O governo federal investiu o equivalente a 0,13% do PIB (Produto Interno Bruto) em infraestrutura de transporte em 2025. O cálculo considera os valores efetivamente pagos no ano passado e resulta do cruzamento de dados divulgados nesta terça-feira (3) pelo IBGE (Instituto Brasileiro de Geografia e Estatística) com o Boletim de Conjuntura Econômica da CNT (Confederação Nacional do Transporte).

Segundo a CNT, o percentual mais que dobrou desde 2021, quando os investimentos federais em transportes representavam 0,06% do PIB. Essa recomposição acontece após anos de queda de investimentos e paralisação de obras, mas ainda está distante do patamar considerado ideal para manutenção, ampliação e modernização da infraestrutura logística do país.

Para a diretora executiva da CNT, Fernanda Rezende, “a trajetória recente indica uma recomposição gradual dos investimentos federais em infraestrutura de transporte”. Ainda assim, ela ressalta que o volume atual é insuficiente. 

“O valor ainda é aquém das necessidades do país para manter a malha existente. Isso evidencia que o desafio estrutural permanece: é necessário consolidar um ciclo contínuo de investimentos, com previsibilidade orçamentária, execução eficiente e complementaridade com o capital privado, para reduzir gargalos logísticos, melhorar a qualidade da infraestrutura e sustentar o crescimento econômico no longo prazo”, afirmou ao CNN Infra.

Além da limitação orçamentária, outro obstáculo que o setor enfrenta é transformar os valores autorizados no Orçamento em obras efetivamente executadas.

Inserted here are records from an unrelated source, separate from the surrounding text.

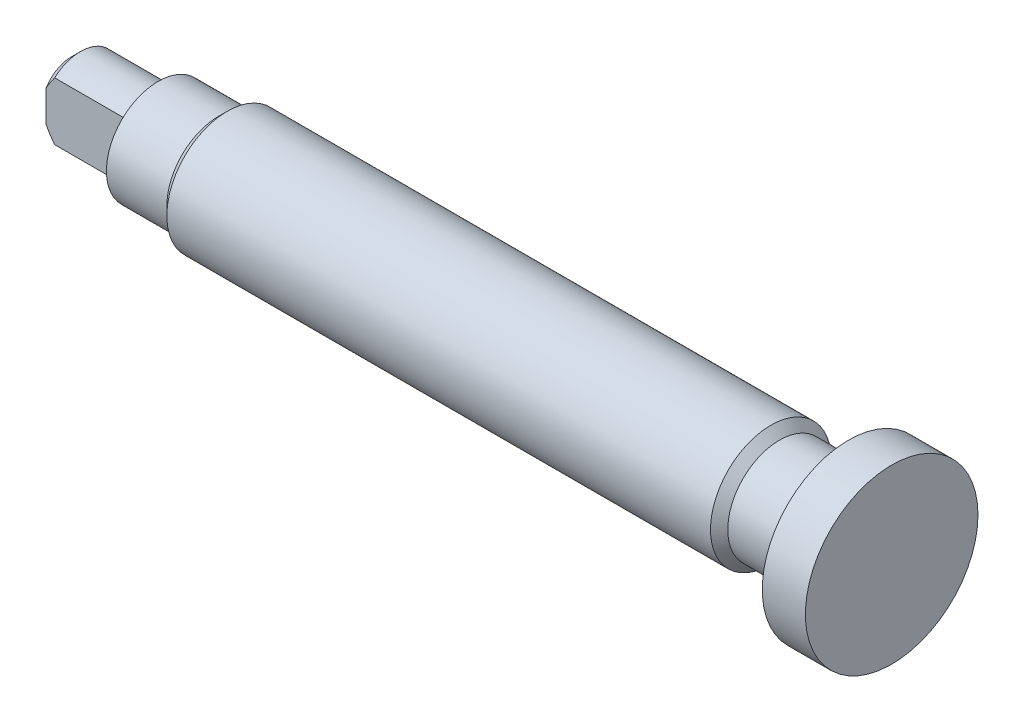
ISO-10303-21;
HEADER;
FILE_DESCRIPTION(('STEP AP214'),'2;1');
FILE_NAME('part.step','',(''),(''),'','','');
FILE_SCHEMA(('AUTOMOTIVE_DESIGN { 1 0 10303 214 1 1 1 1 }'));
ENDSEC;
DATA;
#1=APPLICATION_CONTEXT('core data for automotive mechanical design processes');
#2=APPLICATION_PROTOCOL_DEFINITION('international standard','automotive_design',2000,#1);
#3=PRODUCT_CONTEXT('',#1,'mechanical');
#4=PRODUCT('Part','Part','',(#3));
#5=PRODUCT_RELATED_PRODUCT_CATEGORY('part','',(#4));
#6=PRODUCT_DEFINITION_FORMATION('','',#4);
#7=PRODUCT_DEFINITION_CONTEXT('part definition',#1,'design');
#8=PRODUCT_DEFINITION('design','',#6,#7);
#9=PRODUCT_DEFINITION_SHAPE('','',#8);
#10=(LENGTH_UNIT() NAMED_UNIT(*) SI_UNIT(.MILLI.,.METRE.));
#11=(NAMED_UNIT(*) PLANE_ANGLE_UNIT() SI_UNIT($,.RADIAN.));
#12=(NAMED_UNIT(*) SI_UNIT($,.STERADIAN.) SOLID_ANGLE_UNIT());
#13=UNCERTAINTY_MEASURE_WITH_UNIT(LENGTH_MEASURE(1.E-05),#10,'distance_accuracy_value','');
#14=(GEOMETRIC_REPRESENTATION_CONTEXT(3) GLOBAL_UNCERTAINTY_ASSIGNED_CONTEXT((#13)) GLOBAL_UNIT_ASSIGNED_CONTEXT((#10,
#11,#12)) REPRESENTATION_CONTEXT('',''));
#15=CARTESIAN_POINT('',(0.,0.,0.));
#16=DIRECTION('',(0.,0.,1.));
#17=DIRECTION('',(1.,0.,0.));
#18=AXIS2_PLACEMENT_3D('',#15,#16,#17);
#19=CARTESIAN_POINT('',(201.774823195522,4.91246660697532,0.));
#20=DIRECTION('',(1.,0.,0.));
#21=DIRECTION('',(0.,0.,-1.));
#22=AXIS2_PLACEMENT_3D('',#19,#20,#21);
#23=PLANE('',#22);
#24=CARTESIAN_POINT('',(201.774823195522,-5.08753339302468,0.));
#25=DIRECTION('',(1.,0.,0.));
#26=DIRECTION('',(0.,0.,-1.));
#27=AXIS2_PLACEMENT_3D('',#24,#25,#26);
#28=CIRCLE('',#27,20.);
#29=CARTESIAN_POINT('',(201.774823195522,-5.08753339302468,-20.));
#30=VERTEX_POINT('',#29);
#31=EDGE_CURVE('E92',#30,#30,#28,.F.);
#32=ORIENTED_EDGE('',*,*,#31,.F.);
#33=EDGE_LOOP('',(#32));
#34=FACE_BOUND('',#33,.T.);
#35=ADVANCED_FACE('F16',(#34),#23,.T.);
#36=CARTESIAN_POINT('',(13.7748231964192,-5.08753339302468,0.));
#37=DIRECTION('',(1.,0.,0.));
#38=DIRECTION('',(0.,0.,-1.));
#39=AXIS2_PLACEMENT_3D('',#36,#37,#38);
#40=CONICAL_SURFACE('',#39,8.99999999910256,0.7853981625);
#41=CARTESIAN_POINT('',(13.7748231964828,1.62067053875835,6.00000000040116));
#42=CARTESIAN_POINT('',(13.6827667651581,1.49715737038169,6.0000000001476));
#43=CARTESIAN_POINT('',(13.5914310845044,1.37310991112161,6.00000000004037));
#44=CARTESIAN_POINT('',(13.4104113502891,1.12380604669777,5.99999999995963));
#45=CARTESIAN_POINT('',(13.3207273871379,0.998549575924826,5.99999999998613));
#46=CARTESIAN_POINT('',(13.0547789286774,0.62119588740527,6.0000000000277));
#47=CARTESIAN_POINT('',(12.8813097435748,0.36710377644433,6.00000000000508));
#48=CARTESIAN_POINT('',(12.6285183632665,-0.0190080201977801,5.99999999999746));
#49=CARTESIAN_POINT('',(12.5454617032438,-0.148587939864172,5.99999999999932));
#50=CARTESIAN_POINT('',(12.3822573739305,-0.409560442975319,6.00000000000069));
#51=CARTESIAN_POINT('',(12.3021095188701,-0.540952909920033,6.0000000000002));
#52=CARTESIAN_POINT('',(12.1450649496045,-0.805957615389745,5.99999999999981));
#53=CARTESIAN_POINT('',(12.0681736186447,-0.939573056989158,5.9999999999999));
#54=CARTESIAN_POINT('',(11.9183628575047,-1.20905022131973,6.0000000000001));
#55=CARTESIAN_POINT('',(11.8454443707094,-1.34491246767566,6.0000000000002));
#56=CARTESIAN_POINT('',(11.7748231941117,-1.4819821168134,6.));
#57=B_SPLINE_CURVE_WITH_KNOTS('',3,(#41,#42,#43,#44,#45,#46,#47,#48,#49,#50,#51,#52,#53,#54,#55,
#56),.UNSPECIFIED.,.F.,.F.,(4,2,2,2,2,2,2,4),(0.,0.46212617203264,0.924277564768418,
1.84704071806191,2.30875137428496,2.77043249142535,3.23284917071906,3.69537518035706),.UNSPECIFIED.);
#58=CARTESIAN_POINT('',(13.7748231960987,1.62067053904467,6.));
#59=VERTEX_POINT('',#58);
#60=CARTESIAN_POINT('',(11.774823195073,-1.48198211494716,6.));
#61=VERTEX_POINT('',#60);
#62=EDGE_CURVE('E97',#59,#61,#57,.T.);
#63=ORIENTED_EDGE('',*,*,#62,.F.);
#64=CARTESIAN_POINT('',(13.7748231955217,-5.08753339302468,0.));
#65=DIRECTION('',(1.,0.,0.));
#66=DIRECTION('',(0.,0.,-1.));
#67=AXIS2_PLACEMENT_3D('',#64,#65,#66);
#68=CIRCLE('',#67,9.);
#69=CARTESIAN_POINT('',(13.7748231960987,1.62067053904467,-6.));
#70=VERTEX_POINT('',#69);
#71=EDGE_CURVE('E83',#70,#59,#68,.T.);
#72=ORIENTED_EDGE('',*,*,#71,.F.);
#73=CARTESIAN_POINT('',(11.7748231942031,-1.48198211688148,-5.9999999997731));
#74=CARTESIAN_POINT('',(11.8454443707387,-1.34491246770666,-5.99999999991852));
#75=CARTESIAN_POINT('',(11.9183628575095,-1.20905022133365,-5.99999999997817));
#76=CARTESIAN_POINT('',(12.0681736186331,-0.93957305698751,-6.00000000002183));
#77=CARTESIAN_POINT('',(12.1450649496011,-0.805957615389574,-6.00000000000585));
#78=CARTESIAN_POINT('',(12.3021095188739,-0.540952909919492,-5.99999999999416));
#79=CARTESIAN_POINT('',(12.3822573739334,-0.409560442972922,-5.9999999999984));
#80=CARTESIAN_POINT('',(12.5454617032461,-0.148587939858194,-6.0000000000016));
#81=CARTESIAN_POINT('',(12.6285183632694,-0.0190080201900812,-6.00000000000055));
#82=CARTESIAN_POINT('',(12.881309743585,0.367103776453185,-5.9999999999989));
#83=CARTESIAN_POINT('',(13.0547789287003,0.621195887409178,-5.99999999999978));
#84=CARTESIAN_POINT('',(13.3207273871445,0.998549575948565,-6.00000000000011));
#85=CARTESIAN_POINT('',(13.4104113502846,1.12380604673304,-6.00000000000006));
#86=CARTESIAN_POINT('',(13.5914310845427,1.37310991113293,-5.99999999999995));
#87=CARTESIAN_POINT('',(13.6827667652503,1.49715737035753,-5.99999999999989));
#88=CARTESIAN_POINT('',(13.7748231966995,1.62067053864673,-6.));
#89=B_SPLINE_CURVE_WITH_KNOTS('',3,(#73,#74,#75,#76,#77,#78,#79,#80,#81,#82,#83,#84,#85,#86,#87,
#88),.UNSPECIFIED.,.F.,.F.,(4,2,2,2,2,2,2,4),(0.,0.462526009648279,0.924942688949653,
1.38662380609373,1.84833446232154,2.77109761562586,3.23324900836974,3.69537518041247),.UNSPECIFIED.);
#90=CARTESIAN_POINT('',(11.7748231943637,-1.48198211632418,-6.));
#91=VERTEX_POINT('',#90);
#92=EDGE_CURVE('E81',#91,#70,#89,.T.);
#93=ORIENTED_EDGE('',*,*,#92,.F.);
#94=CARTESIAN_POINT('',(11.7748231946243,-5.08753339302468,0.));
#95=DIRECTION('',(1.,0.,0.));
#96=DIRECTION('',(0.,0.,-1.));
#97=AXIS2_PLACEMENT_3D('',#94,#95,#96);
#98=CIRCLE('',#97,7.00000000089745);
#99=EDGE_CURVE('E21',#61,#91,#98,.F.);
#100=ORIENTED_EDGE('',*,*,#99,.F.);
#101=EDGE_LOOP('',(#63,#72,#93,#100));
#102=FACE_BOUND('',#101,.T.);
#103=ADVANCED_FACE('F82',(#102),#40,.T.);
#104=CARTESIAN_POINT('',(11.7748231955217,-0.587533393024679,0.));
#105=DIRECTION('',(-1.,0.,0.));
#106=DIRECTION('',(0.,0.,1.));
#107=AXIS2_PLACEMENT_3D('',#104,#105,#106);
#108=PLANE('',#107);
#109=DIRECTION('',(0.,1.,0.));
#110=VECTOR('',#109,1.);
#111=CARTESIAN_POINT('',(11.7748231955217,-5.20213924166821,6.));
#112=LINE('',#111,#110);
#113=CARTESIAN_POINT('',(11.7748231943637,-8.69308466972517,6.));
#114=VERTEX_POINT('',#113);
#115=EDGE_CURVE('E75',#61,#114,#112,.F.);
#116=ORIENTED_EDGE('',*,*,#115,.F.);
#117=ORIENTED_EDGE('',*,*,#99,.T.);
#118=DIRECTION('',(0.,1.,0.));
#119=VECTOR('',#118,1.);
#120=CARTESIAN_POINT('',(11.7748231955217,-5.08753339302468,-6.));
#121=LINE('',#120,#119);
#122=CARTESIAN_POINT('',(11.774823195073,-8.6930846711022,-6.));
#123=VERTEX_POINT('',#122);
#124=EDGE_CURVE('E72',#123,#91,#121,.T.);
#125=ORIENTED_EDGE('',*,*,#124,.F.);
#126=CARTESIAN_POINT('',(11.7748231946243,-5.08753339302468,0.));
#127=DIRECTION('',(1.,0.,0.));
#128=DIRECTION('',(0.,0.,-1.));
#129=AXIS2_PLACEMENT_3D('',#126,#127,#128);
#130=CIRCLE('',#129,7.00000000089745);
#131=EDGE_CURVE('E79',#114,#123,#130,.T.);
#132=ORIENTED_EDGE('',*,*,#131,.F.);
#133=EDGE_LOOP('',(#116,#117,#125,#132));
#134=FACE_BOUND('',#133,.T.);
#135=ADVANCED_FACE('F70',(#134),#108,.T.);
#136=CARTESIAN_POINT('',(13.7748231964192,-5.08753339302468,0.));
#137=DIRECTION('',(1.,0.,0.));
#138=DIRECTION('',(0.,0.,-1.));
#139=AXIS2_PLACEMENT_3D('',#136,#137,#138);
#140=CONICAL_SURFACE('',#139,8.99999999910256,0.7853981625);
#141=CARTESIAN_POINT('',(13.7748231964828,-11.7957373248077,-6.00000000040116));
#142=CARTESIAN_POINT('',(13.6827667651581,-11.6722241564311,-6.0000000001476));
#143=CARTESIAN_POINT('',(13.5914310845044,-11.548176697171,-6.00000000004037));
#144=CARTESIAN_POINT('',(13.4104113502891,-11.2988728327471,-5.99999999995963));
#145=CARTESIAN_POINT('',(13.3207273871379,-11.1736163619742,-5.99999999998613));
#146=CARTESIAN_POINT('',(13.0547789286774,-10.7962626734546,-6.0000000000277));
#147=CARTESIAN_POINT('',(12.8813097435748,-10.5421705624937,-6.00000000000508));
#148=CARTESIAN_POINT('',(12.6285183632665,-10.1560587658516,-5.99999999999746));
#149=CARTESIAN_POINT('',(12.5454617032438,-10.0264788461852,-5.99999999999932));
#150=CARTESIAN_POINT('',(12.3822573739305,-9.76550634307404,-6.00000000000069));
#151=CARTESIAN_POINT('',(12.3021095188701,-9.63411387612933,-6.0000000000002));
#152=CARTESIAN_POINT('',(12.1450649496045,-9.36910917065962,-5.99999999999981));
#153=CARTESIAN_POINT('',(12.0681736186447,-9.2354937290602,-5.9999999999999));
#154=CARTESIAN_POINT('',(11.9183628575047,-8.96601656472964,-6.0000000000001));
#155=CARTESIAN_POINT('',(11.8454443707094,-8.8301543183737,-6.0000000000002));
#156=CARTESIAN_POINT('',(11.7748231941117,-8.69308466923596,-6.));
#157=B_SPLINE_CURVE_WITH_KNOTS('',3,(#141,#142,#143,#144,#145,#146,#147,#148,#149,#150,#151,
#152,#153,#154,#155,#156),.UNSPECIFIED.,.F.,.F.,(4,2,2,2,2,2,2,4),(0.,0.462126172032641,
0.92427756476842,1.84704071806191,2.30875137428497,2.77043249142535,3.23284917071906,
3.69537518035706),.UNSPECIFIED.);
#158=CARTESIAN_POINT('',(13.7748231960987,-11.795737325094,-6.));
#159=VERTEX_POINT('',#158);
#160=EDGE_CURVE('E90',#159,#123,#157,.T.);
#161=ORIENTED_EDGE('',*,*,#160,.F.);
#162=CARTESIAN_POINT('',(13.7748231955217,-5.08753339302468,0.));
#163=DIRECTION('',(1.,0.,0.));
#164=DIRECTION('',(0.,0.,-1.));
#165=AXIS2_PLACEMENT_3D('',#162,#163,#164);
#166=CIRCLE('',#165,9.);
#167=CARTESIAN_POINT('',(13.7748231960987,-11.795737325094,6.));
#168=VERTEX_POINT('',#167);
#169=EDGE_CURVE('E122',#168,#159,#166,.T.);
#170=ORIENTED_EDGE('',*,*,#169,.F.);
#171=CARTESIAN_POINT('',(11.7748231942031,-8.69308466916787,5.9999999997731));
#172=CARTESIAN_POINT('',(11.8454443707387,-8.8301543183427,5.99999999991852));
#173=CARTESIAN_POINT('',(11.9183628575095,-8.9660165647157,5.99999999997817));
#174=CARTESIAN_POINT('',(12.0681736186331,-9.23549372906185,6.00000000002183));
#175=CARTESIAN_POINT('',(12.1450649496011,-9.36910917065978,6.00000000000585));
#176=CARTESIAN_POINT('',(12.3021095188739,-9.63411387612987,5.99999999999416));
#177=CARTESIAN_POINT('',(12.3822573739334,-9.76550634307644,5.9999999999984));
#178=CARTESIAN_POINT('',(12.5454617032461,-10.0264788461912,6.0000000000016));
#179=CARTESIAN_POINT('',(12.6285183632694,-10.1560587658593,6.00000000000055));
#180=CARTESIAN_POINT('',(12.881309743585,-10.5421705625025,5.9999999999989));
#181=CARTESIAN_POINT('',(13.0547789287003,-10.7962626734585,5.99999999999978));
#182=CARTESIAN_POINT('',(13.3207273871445,-11.1736163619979,6.00000000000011));
#183=CARTESIAN_POINT('',(13.4104113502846,-11.2988728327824,6.00000000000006));
#184=CARTESIAN_POINT('',(13.5914310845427,-11.5481766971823,5.99999999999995));
#185=CARTESIAN_POINT('',(13.6827667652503,-11.6722241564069,5.99999999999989));
#186=CARTESIAN_POINT('',(13.7748231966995,-11.7957373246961,6.));
#187=B_SPLINE_CURVE_WITH_KNOTS('',3,(#171,#172,#173,#174,#175,#176,#177,#178,#179,#180,#181,
#182,#183,#184,#185,#186),.UNSPECIFIED.,.F.,.F.,(4,2,2,2,2,2,2,4),(0.,0.462526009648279,
0.924942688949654,1.38662380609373,1.84833446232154,2.77109761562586,3.23324900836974,
3.69537518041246),.UNSPECIFIED.);
#188=EDGE_CURVE('E96',#114,#168,#187,.T.);
#189=ORIENTED_EDGE('',*,*,#188,.F.);
#190=ORIENTED_EDGE('',*,*,#131,.T.);
#191=EDGE_LOOP('',(#161,#170,#189,#190));
#192=FACE_BOUND('',#191,.T.);
#193=ADVANCED_FACE('F158',(#192),#140,.T.);
#194=CARTESIAN_POINT('',(196.774823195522,-5.08753339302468,0.));
#195=DIRECTION('',(1.,0.,0.));
#196=DIRECTION('',(0.,0.,-1.));
#197=AXIS2_PLACEMENT_3D('',#194,#195,#196);
#198=CYLINDRICAL_SURFACE('',#197,20.);
#199=ORIENTED_EDGE('',*,*,#31,.T.);
#200=EDGE_LOOP('',(#199));
#201=FACE_BOUND('',#200,.T.);
#202=CARTESIAN_POINT('',(191.774823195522,-5.08753339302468,0.));
#203=DIRECTION('',(1.,0.,0.));
#204=DIRECTION('',(0.,0.,-1.));
#205=AXIS2_PLACEMENT_3D('',#202,#203,#204);
#206=CIRCLE('',#205,20.);
#207=CARTESIAN_POINT('',(191.774823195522,-5.08753339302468,-20.));
#208=VERTEX_POINT('',#207);
#209=EDGE_CURVE('E107',#208,#208,#206,.F.);
#210=ORIENTED_EDGE('',*,*,#209,.F.);
#211=EDGE_LOOP('',(#210));
#212=FACE_BOUND('',#211,.T.);
#213=ADVANCED_FACE('F163',(#201,#212),#198,.T.);
#214=CARTESIAN_POINT('',(11.7748231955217,1.6206705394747,-6.));
#215=DIRECTION('',(0.,0.,-1.));
#216=DIRECTION('',(1.,0.,0.));
#217=AXIS2_PLACEMENT_3D('',#214,#215,#216);
#218=PLANE('',#217);
#219=DIRECTION('',(1.,0.,0.));
#220=VECTOR('',#219,1.);
#221=CARTESIAN_POINT('',(21.7748231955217,1.62067053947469,-6.));
#222=LINE('',#221,#220);
#223=CARTESIAN_POINT('',(31.7748231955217,1.62067053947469,-6.));
#224=VERTEX_POINT('',#223);
#225=EDGE_CURVE('E87',#224,#70,#222,.F.);
#226=ORIENTED_EDGE('',*,*,#225,.F.);
#227=DIRECTION('',(0.,1.,0.));
#228=VECTOR('',#227,1.);
#229=CARTESIAN_POINT('',(31.7748231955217,5.41246660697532,-6.));
#230=LINE('',#229,#228);
#231=CARTESIAN_POINT('',(31.7748231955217,-11.7957373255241,-6.));
#232=VERTEX_POINT('',#231);
#233=EDGE_CURVE('E105',#232,#224,#230,.T.);
#234=ORIENTED_EDGE('',*,*,#233,.F.);
#235=DIRECTION('',(1.,0.,0.));
#236=VECTOR('',#235,1.);
#237=CARTESIAN_POINT('',(21.7748231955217,-11.7957373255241,-6.));
#238=LINE('',#237,#236);
#239=EDGE_CURVE('E120',#159,#232,#238,.T.);
#240=ORIENTED_EDGE('',*,*,#239,.F.);
#241=ORIENTED_EDGE('',*,*,#160,.T.);
#242=ORIENTED_EDGE('',*,*,#124,.T.);
#243=ORIENTED_EDGE('',*,*,#92,.T.);
#244=EDGE_LOOP('',(#226,#234,#240,#241,#242,#243));
#245=FACE_BOUND('',#244,.T.);
#246=ADVANCED_FACE('F18',(#245),#218,.T.);
#247=CARTESIAN_POINT('',(21.7748231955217,-5.08753339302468,0.));
#248=DIRECTION('',(1.,0.,0.));
#249=DIRECTION('',(0.,0.,-1.));
#250=AXIS2_PLACEMENT_3D('',#247,#248,#249);
#251=CYLINDRICAL_SURFACE('',#250,9.);
#252=DIRECTION('',(1.,0.,0.));
#253=VECTOR('',#252,1.);
#254=CARTESIAN_POINT('',(20.2061225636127,1.62067053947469,6.));
#255=LINE('',#254,#253);
#256=CARTESIAN_POINT('',(31.7748231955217,1.62067053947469,6.));
#257=VERTEX_POINT('',#256);
#258=EDGE_CURVE('E98',#257,#59,#255,.F.);
#259=ORIENTED_EDGE('',*,*,#258,.F.);
#260=CARTESIAN_POINT('',(31.7748231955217,-5.08753339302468,0.));
#261=DIRECTION('',(1.,0.,0.));
#262=DIRECTION('',(0.,0.,-1.));
#263=AXIS2_PLACEMENT_3D('',#260,#261,#262);
#264=CIRCLE('',#263,9.);
#265=EDGE_CURVE('E104',#224,#257,#264,.T.);
#266=ORIENTED_EDGE('',*,*,#265,.F.);
#267=ORIENTED_EDGE('',*,*,#225,.T.);
#268=ORIENTED_EDGE('',*,*,#71,.T.);
#269=EDGE_LOOP('',(#259,#266,#267,#268));
#270=FACE_BOUND('',#269,.T.);
#271=ADVANCED_FACE('F179',(#270),#251,.T.);
#272=CARTESIAN_POINT('',(20.2061225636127,-5.20213924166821,6.));
#273=DIRECTION('',(0.,0.,1.));
#274=DIRECTION('',(1.,0.,0.));
#275=AXIS2_PLACEMENT_3D('',#272,#273,#274);
#276=PLANE('',#275);
#277=DIRECTION('',(1.,0.,0.));
#278=VECTOR('',#277,1.);
#279=CARTESIAN_POINT('',(21.7748231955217,-11.795737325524,6.));
#280=LINE('',#279,#278);
#281=CARTESIAN_POINT('',(31.7748231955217,-11.7957373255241,6.));
#282=VERTEX_POINT('',#281);
#283=EDGE_CURVE('E123',#282,#168,#280,.F.);
#284=ORIENTED_EDGE('',*,*,#283,.F.);
#285=DIRECTION('',(0.,1.,0.));
#286=VECTOR('',#285,1.);
#287=CARTESIAN_POINT('',(31.7748231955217,5.41246660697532,6.));
#288=LINE('',#287,#286);
#289=EDGE_CURVE('E101',#257,#282,#288,.F.);
#290=ORIENTED_EDGE('',*,*,#289,.F.);
#291=ORIENTED_EDGE('',*,*,#258,.T.);
#292=ORIENTED_EDGE('',*,*,#62,.T.);
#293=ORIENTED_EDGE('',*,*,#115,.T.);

Historicamente, parte significativa dos recursos previstos não se converte em investimentos realizados, o que auxilia no déficit de manutenção e restauração de rodovias, ferrovias, portos e aeroportos.

Para 2026, o orçamento de investimentos dos dois ministérios ligados ao setor soma R$ 13,9 bilhões. Desse total, R$ 13,4 bilhões são destinados ao Ministério dos Transportes e R$ 495 milhões ao Ministério de Portos e Aeroportos.

De acordo com o relatório de infraestrutura da CNI (Confederação Nacional da Indústria), a dotação autorizada total do Orçamento da União é de R$ 6,3 trilhões, dos quais R$ 78,1 bilhões correspondem a investimentos.

Orçamento de 2026

Em dezembro do ano passado, o relatório setorial de infraestrutura e minas e energia do Orçamento de 2026, elaborado pela CMO (Comissão Mista de Orçamento), apontou que o setor foi o que mais recebeu emendas parlamentares. Foram 30 emendas de bancadas estaduais destinadas a obras rodoviárias, somando R$ 756 milhões. 

Como as emendas de bancada e individuais são de execução obrigatória, e diante do calendário eleitoral de 2026, a expectativa é de que esses valores sejam empenhados de forma rápida. 

Apesar da melhora recente, especialistas avaliam que o país ainda enfrenta um descompasso estrutural entre o volume necessário para sustentar o crescimento econômico e o que efetivamente é investido pelo setor público.